Note each line in the data below that holds "открыта", and copy it.
[Opening MATERIAL FOR THIS EXERCISE section]
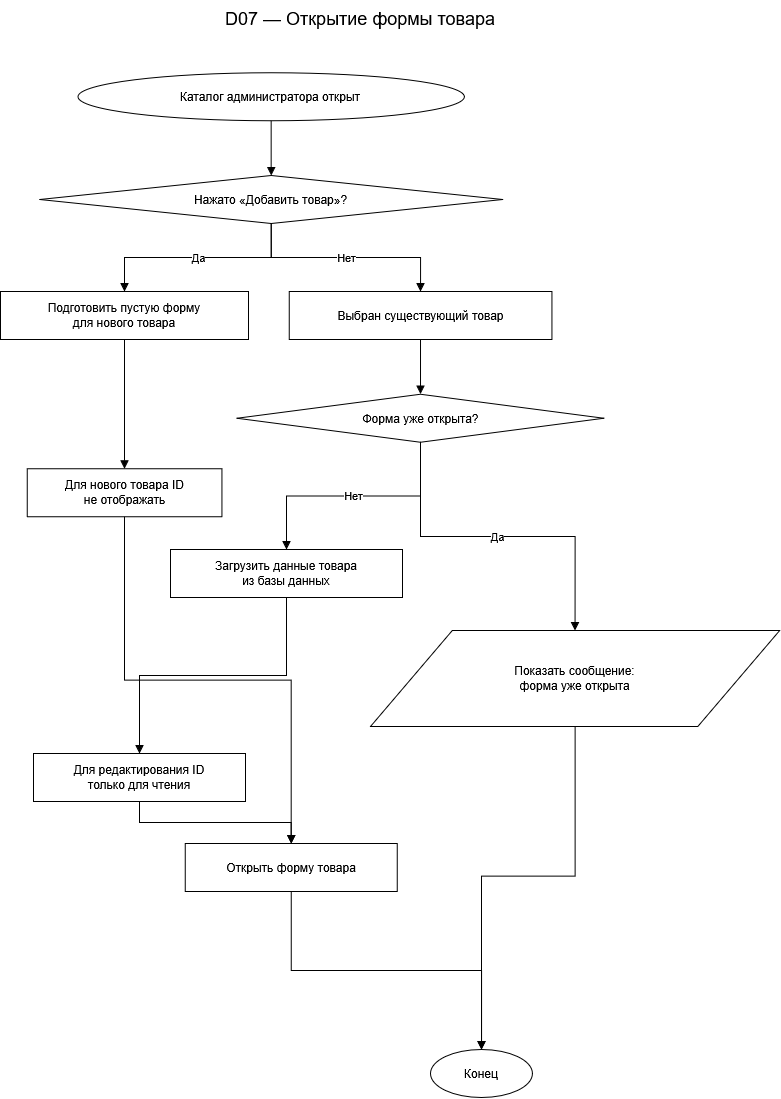

The diagram above was exported from draw.io. Its source (the exported page's mxGraphModel, read from the mxfile embedded in the PNG):
<mxGraphModel dx="4860" dy="-1502" grid="0" gridSize="10" guides="1" tooltips="1" connect="1" arrows="1" fold="1" page="0" pageScale="1" pageWidth="827" pageHeight="1169" math="0" shadow="0">
  <root>
    <mxCell id="0" />
    <mxCell id="1" parent="0" />
    <mxCell id="ucVJKTS0qU9xN8Zi3yHk-203" parent="1" style="text;html=1;align=center;verticalAlign=middle;whiteSpace=wrap;rounded=0;fontSize=18;fontColor=#000000;strokeColor=none;fillColor=none;" value="D07 — Открытие формы товара" vertex="1">
      <mxGeometry height="35" width="720" x="-2483" y="2887" as="geometry" />
    </mxCell>
    <mxCell id="ucVJKTS0qU9xN8Zi3yHk-204" parent="1" style="shape=ellipse;whiteSpace=wrap;html=1;fillColor=#FFFFFF;strokeColor=#000000;fontColor=#000000;fontSize=12;align=center;verticalAlign=middle;spacing=4;" value="Каталог администратора открыт" vertex="1">
      <mxGeometry height="48" width="386.39" x="-2405.53" y="2959.33" as="geometry" />
    </mxCell>
    <mxCell id="ucVJKTS0qU9xN8Zi3yHk-205" parent="1" style="shape=rhombus;whiteSpace=wrap;html=1;fillColor=#FFFFFF;strokeColor=#000000;fontColor=#000000;fontSize=12;align=center;verticalAlign=middle;spacing=4;" value="Нажато «Добавить товар»?" vertex="1">
      <mxGeometry height="48" width="462.96" x="-2443.82" y="3062" as="geometry" />
    </mxCell>
    <mxCell id="ucVJKTS0qU9xN8Zi3yHk-206" parent="1" style="shape=rectangle;whiteSpace=wrap;html=1;fillColor=#FFFFFF;strokeColor=#000000;fontColor=#000000;fontSize=12;align=center;verticalAlign=middle;spacing=4;" value="Подготовить пустую форму&lt;br&gt;для нового товара" vertex="1">
      <mxGeometry height="48" width="248" x="-2483" y="3178" as="geometry" />
    </mxCell>
    <mxCell id="ucVJKTS0qU9xN8Zi3yHk-207" parent="1" style="shape=rectangle;whiteSpace=wrap;html=1;fillColor=#FFFFFF;strokeColor=#000000;fontColor=#000000;fontSize=12;align=center;verticalAlign=middle;spacing=4;" value="Выбран существующий товар" vertex="1">
      <mxGeometry height="48" width="262.67" x="-2194.33" y="3178" as="geometry" />
    </mxCell>
    <mxCell id="ucVJKTS0qU9xN8Zi3yHk-208" parent="1" style="shape=rhombus;whiteSpace=wrap;html=1;fillColor=#FFFFFF;strokeColor=#000000;fontColor=#000000;fontSize=12;align=center;verticalAlign=middle;spacing=4;" value="Форма уже открыта?" vertex="1">
      <mxGeometry height="48" width="366.83" x="-2246.41" y="3280.67" as="geometry" />
    </mxCell>
    <mxCell id="ucVJKTS0qU9xN8Zi3yHk-209" parent="1" style="shape=parallelogram;whiteSpace=wrap;html=1;fillColor=#FFFFFF;strokeColor=#000000;fontColor=#000000;fontSize=12;align=center;verticalAlign=middle;spacing=4;" value="Показать сообщение:&lt;br&gt;форма уже открыта" vertex="1">
      <mxGeometry height="96" width="409.17" x="-2113" y="3517" as="geometry" />
    </mxCell>
    <mxCell id="ucVJKTS0qU9xN8Zi3yHk-210" parent="1" style="shape=rectangle;whiteSpace=wrap;html=1;fillColor=#FFFFFF;strokeColor=#000000;fontColor=#000000;fontSize=12;align=center;verticalAlign=middle;spacing=4;" value="Загрузить данные товара&lt;br&gt;из базы данных" vertex="1">
      <mxGeometry height="48" width="232" x="-2313" y="3436" as="geometry" />
    </mxCell>
    <mxCell id="ucVJKTS0qU9xN8Zi3yHk-211" parent="1" style="shape=rectangle;whiteSpace=wrap;html=1;fillColor=#FFFFFF;strokeColor=#000000;fontColor=#000000;fontSize=12;align=center;verticalAlign=middle;spacing=4;" value="Для нового товара ID&lt;br&gt;не отображать" vertex="1">
      <mxGeometry height="48" width="194.67" x="-2456.33" y="3355.33" as="geometry" />
    </mxCell>
    <mxCell id="ucVJKTS0qU9xN8Zi3yHk-212" parent="1" style="shape=rectangle;whiteSpace=wrap;html=1;fillColor=#FFFFFF;strokeColor=#000000;fontColor=#000000;fontSize=12;align=center;verticalAlign=middle;spacing=4;" value="Для редактирования ID&lt;br&gt;только для чтения" vertex="1">
      <mxGeometry height="48" width="212" x="-2450" y="3640" as="geometry" />
    </mxCell>
    <mxCell id="ucVJKTS0qU9xN8Zi3yHk-213" parent="1" style="shape=rectangle;whiteSpace=wrap;html=1;fillColor=#FFFFFF;strokeColor=#000000;fontColor=#000000;fontSize=12;align=center;verticalAlign=middle;spacing=4;" value="Открыть форму товара" vertex="1">
      <mxGeometry height="48" width="212" x="-2298.33" y="3730" as="geometry" />
    </mxCell>
    <mxCell id="ucVJKTS0qU9xN8Zi3yHk-214" parent="1" style="shape=ellipse;whiteSpace=wrap;html=1;fillColor=#FFFFFF;strokeColor=#000000;fontColor=#000000;fontSize=12;align=center;verticalAlign=middle;spacing=4;" value="Конец" vertex="1">
      <mxGeometry height="48" width="101.96" x="-2053" y="3936" as="geometry" />
    </mxCell>
    <mxCell id="ucVJKTS0qU9xN8Zi3yHk-215" edge="1" parent="1" source="ucVJKTS0qU9xN8Zi3yHk-204" style="rounded=0;orthogonalLoop=1;html=1;strokeColor=#000000;fontColor=#000000;fontSize=11;endArrow=block;endFill=1;edgeStyle=orthogonalEdgeStyle;rounded=0;orthogonalLoop=1;jettySize=auto;exitX=0.5;exitY=1;exitPerimeter=1;entryX=0.5;entryY=0;entryPerimeter=1;" target="ucVJKTS0qU9xN8Zi3yHk-205" value="">
      <mxGeometry relative="1" as="geometry" />
    </mxCell>
    <mxCell id="ucVJKTS0qU9xN8Zi3yHk-216" edge="1" parent="1" source="ucVJKTS0qU9xN8Zi3yHk-205" style="rounded=0;orthogonalLoop=1;html=1;strokeColor=#000000;fontColor=#000000;fontSize=11;endArrow=block;endFill=1;edgeStyle=orthogonalEdgeStyle;rounded=0;orthogonalLoop=1;jettySize=auto;exitX=0.5;exitY=1;exitPerimeter=1;entryX=0.5;entryY=0;entryPerimeter=1;" target="ucVJKTS0qU9xN8Zi3yHk-206" value="Да">
      <mxGeometry relative="1" as="geometry" />
    </mxCell>
    <mxCell id="ucVJKTS0qU9xN8Zi3yHk-217" edge="1" parent="1" source="ucVJKTS0qU9xN8Zi3yHk-205" style="rounded=0;orthogonalLoop=1;html=1;strokeColor=#000000;fontColor=#000000;fontSize=11;endArrow=block;endFill=1;edgeStyle=orthogonalEdgeStyle;rounded=0;orthogonalLoop=1;jettySize=auto;exitX=0.5;exitY=1;exitPerimeter=1;entryX=0.5;entryY=0;entryPerimeter=1;" target="ucVJKTS0qU9xN8Zi3yHk-207" value="Нет">
      <mxGeometry relative="1" as="geometry" />
    </mxCell>
    <mxCell id="ucVJKTS0qU9xN8Zi3yHk-218" edge="1" parent="1" source="ucVJKTS0qU9xN8Zi3yHk-206" style="rounded=0;orthogonalLoop=1;html=1;strokeColor=#000000;fontColor=#000000;fontSize=11;endArrow=block;endFill=1;edgeStyle=orthogonalEdgeStyle;rounded=0;orthogonalLoop=1;jettySize=auto;exitX=0.5;exitY=1;exitPerimeter=1;entryX=0.5;entryY=0;entryPerimeter=1;" target="ucVJKTS0qU9xN8Zi3yHk-211" value="">
      <mxGeometry relative="1" as="geometry" />
    </mxCell>
    <mxCell id="ucVJKTS0qU9xN8Zi3yHk-219" edge="1" parent="1" source="ucVJKTS0qU9xN8Zi3yHk-207" style="rounded=0;orthogonalLoop=1;html=1;strokeColor=#000000;fontColor=#000000;fontSize=11;endArrow=block;endFill=1;edgeStyle=orthogonalEdgeStyle;rounded=0;orthogonalLoop=1;jettySize=auto;exitX=0.5;exitY=1;exitPerimeter=1;entryX=0.5;entryY=0;entryPerimeter=1;" target="ucVJKTS0qU9xN8Zi3yHk-208" value="">
      <mxGeometry relative="1" as="geometry" />
    </mxCell>
    <mxCell id="ucVJKTS0qU9xN8Zi3yHk-220" edge="1" parent="1" source="ucVJKTS0qU9xN8Zi3yHk-208" style="rounded=0;orthogonalLoop=1;html=1;strokeColor=#000000;fontColor=#000000;fontSize=11;endArrow=block;endFill=1;edgeStyle=orthogonalEdgeStyle;rounded=0;orthogonalLoop=1;jettySize=auto;exitX=0.5;exitY=1;exitPerimeter=1;entryX=0.5;entryY=0;entryPerimeter=1;" target="ucVJKTS0qU9xN8Zi3yHk-209" value="Да">
      <mxGeometry relative="1" as="geometry" />
    </mxCell>
    <mxCell id="ucVJKTS0qU9xN8Zi3yHk-221" edge="1" parent="1" source="ucVJKTS0qU9xN8Zi3yHk-208" style="rounded=0;orthogonalLoop=1;html=1;strokeColor=#000000;fontColor=#000000;fontSize=11;endArrow=block;endFill=1;edgeStyle=orthogonalEdgeStyle;rounded=0;orthogonalLoop=1;jettySize=auto;exitX=0.5;exitY=1;exitPerimeter=1;entryX=0.5;entryY=0;entryPerimeter=1;" target="ucVJKTS0qU9xN8Zi3yHk-210" value="Нет">
      <mxGeometry relative="1" as="geometry" />
    </mxCell>
    <mxCell id="ucVJKTS0qU9xN8Zi3yHk-222" edge="1" parent="1" source="ucVJKTS0qU9xN8Zi3yHk-209" style="rounded=0;orthogonalLoop=1;html=1;strokeColor=#000000;fontColor=#000000;fontSize=11;endArrow=block;endFill=1;edgeStyle=orthogonalEdgeStyle;rounded=0;orthogonalLoop=1;jettySize=auto;exitX=0.5;exitY=1;exitPerimeter=1;entryX=0.5;entryY=0;entryPerimeter=1;" target="ucVJKTS0qU9xN8Zi3yHk-214" value="">
      <mxGeometry relative="1" as="geometry">
        <Array as="points">
          <mxPoint x="-1908.4" y="3762.6" />
          <mxPoint x="-2002" y="3762.6" />
        </Array>
      </mxGeometry>
    </mxCell>
    <mxCell id="ucVJKTS0qU9xN8Zi3yHk-223" edge="1" parent="1" source="ucVJKTS0qU9xN8Zi3yHk-210" style="rounded=0;orthogonalLoop=1;html=1;strokeColor=#000000;fontColor=#000000;fontSize=11;endArrow=block;endFill=1;edgeStyle=orthogonalEdgeStyle;rounded=0;orthogonalLoop=1;jettySize=auto;exitX=0.5;exitY=1;exitPerimeter=1;entryX=0.5;entryY=0;entryPerimeter=1;" target="ucVJKTS0qU9xN8Zi3yHk-212" value="">
      <mxGeometry relative="1" as="geometry" />
    </mxCell>
    <mxCell id="ucVJKTS0qU9xN8Zi3yHk-224" edge="1" parent="1" source="ucVJKTS0qU9xN8Zi3yHk-211" style="rounded=0;orthogonalLoop=1;html=1;strokeColor=#000000;fontColor=#000000;fontSize=11;endArrow=block;endFill=1;edgeStyle=orthogonalEdgeStyle;rounded=0;orthogonalLoop=1;jettySize=auto;exitX=0.5;exitY=1;exitPerimeter=1;entryX=0.5;entryY=0;entryPerimeter=1;" target="ucVJKTS0qU9xN8Zi3yHk-213" value="">
      <mxGeometry relative="1" as="geometry" />
    </mxCell>
    <mxCell id="ucVJKTS0qU9xN8Zi3yHk-225" edge="1" parent="1" source="ucVJKTS0qU9xN8Zi3yHk-212" style="rounded=0;orthogonalLoop=1;html=1;strokeColor=#000000;fontColor=#000000;fontSize=11;endArrow=block;endFill=1;edgeStyle=orthogonalEdgeStyle;rounded=0;orthogonalLoop=1;jettySize=auto;exitX=0.5;exitY=1;exitPerimeter=1;entryX=0.5;entryY=0;entryPerimeter=1;" target="ucVJKTS0qU9xN8Zi3yHk-213" value="">
      <mxGeometry relative="1" as="geometry" />
    </mxCell>
    <mxCell id="ucVJKTS0qU9xN8Zi3yHk-226" edge="1" parent="1" source="ucVJKTS0qU9xN8Zi3yHk-213" style="rounded=0;orthogonalLoop=1;html=1;strokeColor=#000000;fontColor=#000000;fontSize=11;endArrow=block;endFill=1;edgeStyle=orthogonalEdgeStyle;rounded=0;orthogonalLoop=1;jettySize=auto;exitX=0.5;exitY=1;exitPerimeter=1;entryX=0.5;entryY=0;entryPerimeter=1;" target="ucVJKTS0qU9xN8Zi3yHk-214" value="">
      <mxGeometry relative="1" as="geometry" />
    </mxCell>
  </root>
</mxGraphModel>
[Closing MATERIAL FOR THIS EXERCISE section]
▶ [SOLUTION TO THE PROBLEM]:
    <mxCell id="ucVJKTS0qU9xN8Zi3yHk-208" parent="1" style="shape=rhombus;whiteSpace=wrap;html=1;fillColor=#FFFFFF;strokeColor=#000000;fontColor=#000000;fontSize=12;align=center;verticalAlign=middle;spacing=4;" value="Форма уже открыта?" vertex="1">
    <mxCell id="ucVJKTS0qU9xN8Zi3yHk-209" parent="1" style="shape=parallelogram;whiteSpace=wrap;html=1;fillColor=#FFFFFF;strokeColor=#000000;fontColor=#000000;fontSize=12;align=center;verticalAlign=middle;spacing=4;" value="Показать сообщение:&lt;br&gt;форма уже открыта" vertex="1">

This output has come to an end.